HOW TO COMPLETE THIS TASK: Reproduce exactly the lines of the material beneath, from the line that contains "blk = doc.blocks.new('110_Дверь_СКБ_2Ст" to the line that contains "50), (652.5, 50)])", both included, and no other lines.

PROVIDED RECORDS:
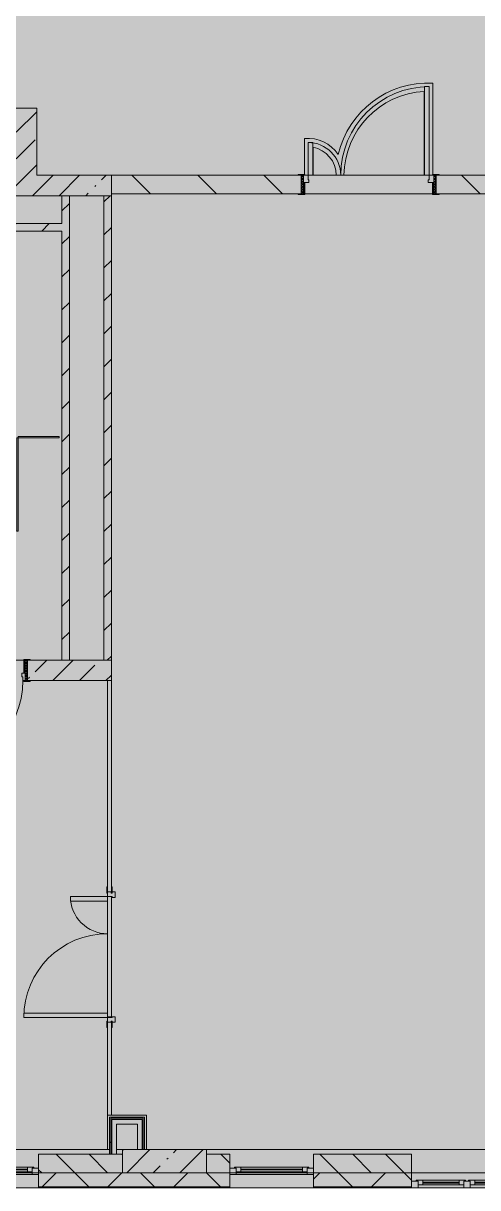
# Model space of a CAD drawing. Header units: millimetres. Extents: x 81632 to 272167, y -8553 to 29000.
# Drawn here: x 245626 to 250501, y -258 to 12229 of the extents above; entities that cross this region are included whole.
import ezdxf

# ---------------------------------------------------------------- set-up
doc = ezdxf.new("R2010")
doc.units = ezdxf.units.MM
doc.layers.add('A-DETL-GENF-1', color=7, linetype='Continuous', lineweight=9, true_color=0xc0c0c0, transparency=0.4)
for name, color, linetype, lineweight, true_color in [('A-DOOR-4', 7, 'Continuous', 5, 0xb7b7b7), ('A-DOOR-5', 7, 'Continuous', 5, 0xe2e2e2), ('A-DOOR-6', 7, 'Continuous', 5, 0xaaaaaa), ('A-DOOR-8', 7, 'Continuous', 5, 0x737373), ('A-DOOR-FRAM-4', 7, 'Continuous', 5, 0xe2e2e2), ('A-DOOR-FRAM-5', 7, 'Continuous', 5, 0xb7b7b7), ('A-DOOR-FRAM-6', 7, 'Continuous', 5, 0xaaaaaa), ('A-FLOR-2', 7, 'Continuous', 5, 0xb7b7b7), ('A-GENM-1', 7, 'Continuous', 5, 0x737373), ('A-GENM-2', 7, 'Continuous', 5, 0xe2ddcd), ('A-GLAZ-2', 7, 'Continuous', 5, 0x737373), ('A-WALL-3', 7, 'Continuous', 5, 0x737373), ('A-WALL-4', 7, 'Continuous', 9, 0x737373), ('I-WALL-1', 7, 'Continuous', 5, 0xe7e7e7), ('I-WALL-4', 7, 'Continuous', 5, 0x737373), ('S-COLS-2', 7, 'Continuous', 5, 0x737373)]:
    doc.layers.add(name, color=color, linetype=linetype, lineweight=lineweight, true_color=true_color)
for name, color, linetype, lineweight in [('A-WALL-2', 7, 'Continuous', 5), ('I-WALL-3', 7, 'Continuous', 5), ('S-COLS-1', 7, 'Continuous', 5)]:
    doc.layers.add(name, color=color, linetype=linetype, lineweight=lineweight)
pattern_1 = [(45, (144961.33, 0), (-176.7767, 176.7767), [])]
pattern_2 = [(45, (144961.33, 0), (-285.1231, 285.1231), []), (45, (145246.45, 0), (-285.1231, 285.1231), [504.031, -100.806, 16.764, -84.042])]
pattern_3 = [(45, (144961.3, 0), (-530.33, 530.33), []), (135, (144961.3, 0), (-530.33, -530.33), [])]

# ---------------------------------------------------------------- blocks, each defined once
blk = doc.blocks.new('110_Дверь_СКБ_1Ст_Внутренняя1 - Д-7а_л__950x2100h_Туалет-V76-2_6_3_птичка')
at = {"layer": 'A-DOOR-5'}
h = blk.add_hatch(color=256, dxfattribs=at)
h.paths.add_polyline_path([(487.5, 110), (487.5, 70), (477.5, 70), (477.5, 30), (512.5, 30), (512.5, 110)])
h.paths.add_polyline_path([(-462.5, 110), (-487.5, 110), (-487.5, 30), (-452.5, 30), (-452.5, 70), (-462.5, 70)])
at = {"layer": 'A-DOOR-6'}
h = blk.add_hatch(dxfattribs=at)
h.set_pattern_fill('FP_11', color=256, style=0, pattern_type=2)
h.set_pattern_definition([(135, (1776.41, 174.685), (-14.14214, -14.14214), []), (225, (1776.41, 174.685), (14.14214, -14.14214), [])])
h.paths.add_polyline_path([(537.5, 110), (512.5, 110), (512.5, -110), (537.5, -110)])
at = {"layer": 'A-DOOR-FRAM-4'}
for points in [[(447.5, 1060), (447.5, 110), (487.5, 110), (487.5, 1060)], [(-542.5, 118), (-542.5, 110), (-472.5, 110), (-472.5, 118)], [(-472.5, 30), (-487.5, 30), (-487.5, -110), (-472.5, -110)], [(567.5, 118), (497.5, 118), (497.5, 110), (567.5, 110)], [(512.5, 30), (497.5, 30), (497.5, -110), (512.5, -110)], [(-542.5, -110), (-542.5, -118), (-472.5, -118), (-472.5, -110)], [(567.5, -110), (497.5, -110), (497.5, -118), (567.5, -118)]]:
    blk.add_hatch(color=256, dxfattribs=at).paths.add_polyline_path(points)
at = {"layer": 'A-DOOR-FRAM-6'}
h = blk.add_hatch(dxfattribs=at)
h.set_pattern_fill('FP_12', color=256, style=0, pattern_type=2)
h.set_pattern_definition([(45, (-346.384, 174.685), (-14.1421, 14.1421), []), (135, (-346.384, 174.685), (-14.1421, -14.1421), [])])
h.paths.add_polyline_path([(-487.5, 110), (-512.5, 110), (-512.5, -110), (-487.5, -110)])
at = {"layer": 'A-DOOR-4'}
for p, q in [((487.5, 1060), (447.5, 1060)), ((447.5, 1060), (447.5, 110)), ((487.5, 110), (487.5, 1060)), ((447.5, 110), (487.5, 110))]:
    blk.add_line(p, q, dxfattribs=at)
blk.add_arc((487.5, 110), 950, 90, 180, dxfattribs=at)
at = {"layer": 'A-DOOR-FRAM-5'}
for p, q in [((-472.5, 118), (-542.5, 118)), ((-542.5, 118), (-542.5, 110)), ((-542.5, 110), (-472.5, 110)), ((-487.5, 110), (-512.5, 110)), ((-512.5, 110), (-512.5, -110)), ((-462.5, 110), (-487.5, 110)), ((-487.5, 110), (-487.5, 30)), ((-487.5, -110), (-487.5, 110)), ((-472.5, 110), (-487.5, 110)), ((-487.5, 110), (-487.5, 109)), ((-487.5, 109), (-472.5, 109)), ((-487.5, 30), (-452.5, 30)), ((-472.5, 30), (-487.5, 30)), ((-487.5, 30), (-487.5, -110)), ((-472.5, 110), (-472.5, 118)), ((-472.5, 109), (-472.5, 110)), ((-472.5, -110), (-472.5, 30)), ((-462.5, 70), (-462.5, 110)), ((-452.5, 70), (-462.5, 70)), ((-452.5, 30), (-452.5, 70)), ((487.5, 70), (477.5, 70)), ((477.5, 70), (477.5, 30)), ((477.5, 30), (512.5, 30)), ((487.5, 110), (487.5, 70)), ((512.5, 110), (487.5, 110)), ((567.5, 118), (497.5, 118)), ((497.5, 118), (497.5, 110)), ((512.5, 110), (497.5, 110)), ((497.5, 110), (497.5, 109)), ((497.5, 110), (567.5, 110)), ((497.5, 109), (512.5, 109)), ((512.5, 30), (497.5, 30)), ((497.5, 30), (497.5, -110)), ((512.5, 30), (512.5, 110)), ((537.5, 110), (512.5, 110)), ((512.5, 110), (512.5, -110)), ((512.5, 109), (512.5, 110)), ((512.5, -110), (512.5, 30)), ((537.5, -110), (537.5, 110)), ((567.5, 110), (567.5, 118)), ((-472.5, -110), (-542.5, -110)), ((-542.5, -110), (-542.5, -118)), ((-542.5, -118), (-472.5, -118)), ((-512.5, -110), (-487.5, -110)), ((-487.5, -110), (-472.5, -110)), ((-472.5, -118), (-472.5, -110)), ((497.5, -110), (512.5, -110)), ((567.5, -110), (497.5, -110)), ((497.5, -110), (497.5, -118)), ((497.5, -118), (567.5, -118)), ((512.5, -110), (537.5, -110)), ((567.5, -118), (567.5, -110))]:
    blk.add_line(p, q, dxfattribs=at)
blk = doc.blocks.new('BSC_Колонна _Прямоугольная - 250х900-V78-2_6_3_птичка')
at = {"layer": 'S-COLS-1'}
h = blk.add_hatch(dxfattribs=at)
h.set_pattern_fill('FP_105', color=256, style=0, pattern_type=2)
h.set_pattern_definition([(45, (-102180, -25), (-285.1231, 285.1231), []), (45, (-101894.88, -25), (-285.1231, 285.1231), [504.031, -100.806, 16.764, -84.042])])
h.paths.add_polyline_path([(450, -125), (450, 125), (-450, 125), (-450, -125), (-396, -125)])
at = {"layer": 'S-COLS-2'}
for p, q in [((450, 125), (-450, 125)), ((-450, 125), (-450, -125)), ((450, -125), (450, 125)), ((-450, -125), (450, -125))]:
    blk.add_line(p, q, dxfattribs=at)
blk = doc.blocks.new('110_Дверь_СКБ_2Ст - Д-6_л__ ДОО_Дв_1450x2100h_Дверь из раздевальной в коридор-V80-2_6_3_птичка')
at = {"layer": 'A-DOOR-5'}
for points in [[(662.5, 100), (662.5, 1050), (612.5, 1050), (612.5, 100)], [(-587.5, 100), (-587.5, 450), (-637.5, 450), (-637.5, 100)]]:
    blk.add_hatch(color=256, dxfattribs=at).paths.add_polyline_path(points)
h = blk.add_hatch(color=256, dxfattribs=at)
h.paths.add_polyline_path([(652.5, 20), (712.5, 20), (712.5, 100), (662.5, 100), (662.5, 50), (652.5, 50)])
h.paths.add_polyline_path([(-687.5, 20), (-627.5, 20), (-627.5, 50), (-637.5, 50), (-637.5, 100), (-687.5, 100)])
at = {"layer": 'A-DOOR-6'}
h = blk.add_hatch(dxfattribs=at)
h.set_pattern_fill('FP_17', color=256, style=0, pattern_type=2)
h.set_pattern_definition([(135, (1576.41, 164.685), (-14.14214, -14.14214), []), (225, (1576.41, 164.685), (14.14214, -14.14214), [])])
h.paths.add_polyline_path([(737.5, -100), (737.5, 100), (712.5, 100), (712.5, -100)])
at = {"layer": 'A-DOOR-FRAM-4'}
for points in [[(-672.5, 100), (-672.5, 108), (-742.5, 108), (-742.5, 100)], [(-672.5, -100), (-672.5, 20), (-687.5, 20), (-687.5, -100)], [(767.5, 100), (767.5, 108), (697.5, 108), (697.5, 100)], [(712.5, -100), (712.5, 20), (697.5, 20), (697.5, -100)], [(-672.5, -108), (-672.5, -100), (-742.5, -100), (-742.5, -108)], [(767.5, -108), (767.5, -100), (697.5, -100), (697.5, -108)]]:
    blk.add_hatch(color=256, dxfattribs=at).paths.add_polyline_path(points)
at = {"layer": 'A-DOOR-FRAM-6'}
h = blk.add_hatch(dxfattribs=at)
h.set_pattern_fill('FP_18', color=256, style=0, pattern_type=2)
h.set_pattern_definition([(45, (-546.384, 164.685), (-14.1421, 14.1421), []), (135, (-546.384, 164.685), (-14.1421, -14.1421), [])])
h.paths.add_polyline_path([(-687.5, -100), (-687.5, 100), (-712.5, 100), (-712.5, -100)])
at = {"layer": 'A-DOOR-4'}
for p, q in [((662.5, 1050), (612.5, 1050)), ((612.5, 1050), (612.5, 100)), ((662.5, 100), (662.5, 1050)), ((-637.5, 450), (-637.5, 100)), ((-587.5, 450), (-637.5, 450)), ((-587.5, 100), (-587.5, 450)), ((-637.5, 100), (-587.5, 100)), ((612.5, 100), (662.5, 100))]:
    blk.add_line(p, q, dxfattribs=at)
for centre, radius, start, end in [((662.5, 100), 950, 90, 180), ((-637.5, 100), 350, 360, 90)]:
    blk.add_arc(centre, radius, start, end, dxfattribs=at)
at = {"layer": 'A-DOOR-FRAM-5'}
for p, q in [((-672.5, 108), (-742.5, 108)), ((-742.5, 108), (-742.5, 100)), ((-742.5, 100), (-672.5, 100)), ((-687.5, 100), (-712.5, 100)), ((-712.5, 100), (-712.5, -100)), ((-637.5, 100), (-687.5, 100)), ((-687.5, 100), (-687.5, 20)), ((-687.5, -100), (-687.5, 100)), ((-687.5, 20), (-627.5, 20)), ((-672.5, 20), (-687.5, 20)), ((-687.5, 20), (-687.5, -100)), ((-672.5, 100), (-672.5, 108)), ((-672.5, -100), (-672.5, 20)), ((-637.5, 50), (-637.5, 100)), ((-627.5, 50), (-637.5, 50)), ((-627.5, 20), (-627.5, 50)), ((662.5, 50), (652.5, 50)), ((652.5, 50), (652.5, 20)), ((652.5, 20), (712.5, 20)), ((662.5, 100), (662.5, 50)), ((712.5, 100), (662.5, 100)), ((767.5, 108), (697.5, 108)), ((697.5, 108), (697.5, 100)), ((697.5, 100), (767.5, 100)), ((712.5, 20), (697.5, 20)), ((697.5, 20), (697.5, -100)), ((712.5, 20), (712.5, 100)), ((737.5, 100), (712.5, 100)), ((712.5, 100), (712.5, -100)), ((712.5, -100), (712.5, 20)), ((737.5, -100), (737.5, 100)), ((767.5, 100), (767.5, 108)), ((-672.5, -100), (-742.5, -100)), ((-742.5, -100), (-742.5, -108)), ((-742.5, -108), (-672.5, -108)), ((-712.5, -100), (-687.5, -100)), ((-687.5, -100), (-672.5, -100)), ((-672.5, -108), (-672.5, -100)), ((697.5, -100), (712.5, -100)), ((767.5, -100), (697.5, -100)), ((697.5, -100), (697.5, -108)), ((697.5, -108), (767.5, -108)), ((712.5, -100), (737.5, -100)), ((767.5, -108), (767.5, -100))]:
    blk.add_line(p, q, dxfattribs=at)
blk = doc.blocks.new('120_Окно_СКБ_1Ст - 120_Окно_СКБ_1Ст 900х2500_h_ с форточкой-22876038-2_6_3_птичка')
at = {"layer": 'A-GLAZ-2'}
for p, q in [((-450, -127), (-450, -57)), ((-450, -57), (-380, -57)), ((450, -57), (-450, -57)), ((-380, -57), (-380, -127)), ((380, -87), (-380, -87)), ((-380, -87), (-380, -127)), ((-330, -137), (-330, -87)), ((-330, -107), (330, -107)), ((330, -117), (-330, -117)), ((330, -137), (330, -87)), ((380, -127), (380, -57)), ((380, -57), (450, -57)), ((380, -127), (380, -87)), ((450, -57), (450, -127)), ((-380, -127), (-450, -127)), ((-450, -127), (-400, -127)), ((-380, -127), (-400, -127)), ((-400, -127), (-400, -137)), ((-400, -137), (400, -137)), ((400, -137), (-400, -137)), ((450, -127), (380, -127)), ((400, -127), (380, -127)), ((400, -127), (450, -127)), ((400, -137), (400, -127))]:
    blk.add_line(p, q, dxfattribs=at)
blk = doc.blocks.new('120_Окно_СКБ_2Ст_Фрамуга сверху - 120_Окно_СКБ_2Ст_2300х2500_h_ ДОО-22877051-2_6_3_птичка')
at = {"layer": 'A-GLAZ-2'}
for p, q in [((-1150, 13), (-1150, 83)), ((-1150, 83), (-1080, 83)), ((1150, 83), (-1150, 83)), ((-1080, 13), (-1150, 13)), ((-1150, 13), (-1100, 13)), ((-1080, 13), (-1100, 13)), ((-1100, 13), (-1100, 3)), ((-1100, 3), (540, 3)), ((540, 3), (-1100, 3)), ((-1080, 83), (-1080, 13)), ((-1080, 83), (1080, 83)), ((520, 53), (-1080, 53)), ((-1080, 53), (-1080, 13)), ((-1030, 3), (-1030, 53)), ((-1030, 33), (470, 33)), ((470, 23), (-1030, 23)), ((470, 3), (470, 53)), ((520, 13), (520, 83)), ((520, 83), (590, 83)), ((520, 13), (520, 53)), ((590, 13), (520, 13)), ((540, 13), (520, 13)), ((540, 13), (570, 13)), ((540, 13), (570, 13)), ((540, 3), (540, 13)), ((590, 13), (570, 13)), ((570, 13), (570, 3)), ((570, 3), (1100, 3)), ((1100, 3), (570, 3)), ((590, 83), (590, 13)), ((1080, 53), (590, 53)), ((590, 53), (590, 13)), ((640, 3), (640, 53)), ((640, 33), (1030, 33)), ((1030, 23), (640, 23)), ((1030, 3), (1030, 53)), ((1080, 13), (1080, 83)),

ANSWER BOX:
blk = doc.blocks.new('110_Дверь_СКБ_2Ст - Д-6_л__ ДОО_Дв_1450x2100h_Дверь из раздевальной в коридор-V80-2_6_3_птичка')
at = {"layer": 'A-DOOR-5'}
for points in [[(662.5, 100), (662.5, 1050), (612.5, 1050), (612.5, 100)], [(-587.5, 100), (-587.5, 450), (-637.5, 450), (-637.5, 100)]]:
    blk.add_hatch(color=256, dxfattribs=at).paths.add_polyline_path(points)
h = blk.add_hatch(color=256, dxfattribs=at)
h.paths.add_polyline_path([(652.5, 20), (712.5, 20), (712.5, 100), (662.5, 100), (662.5, 50), (652.5, 50)])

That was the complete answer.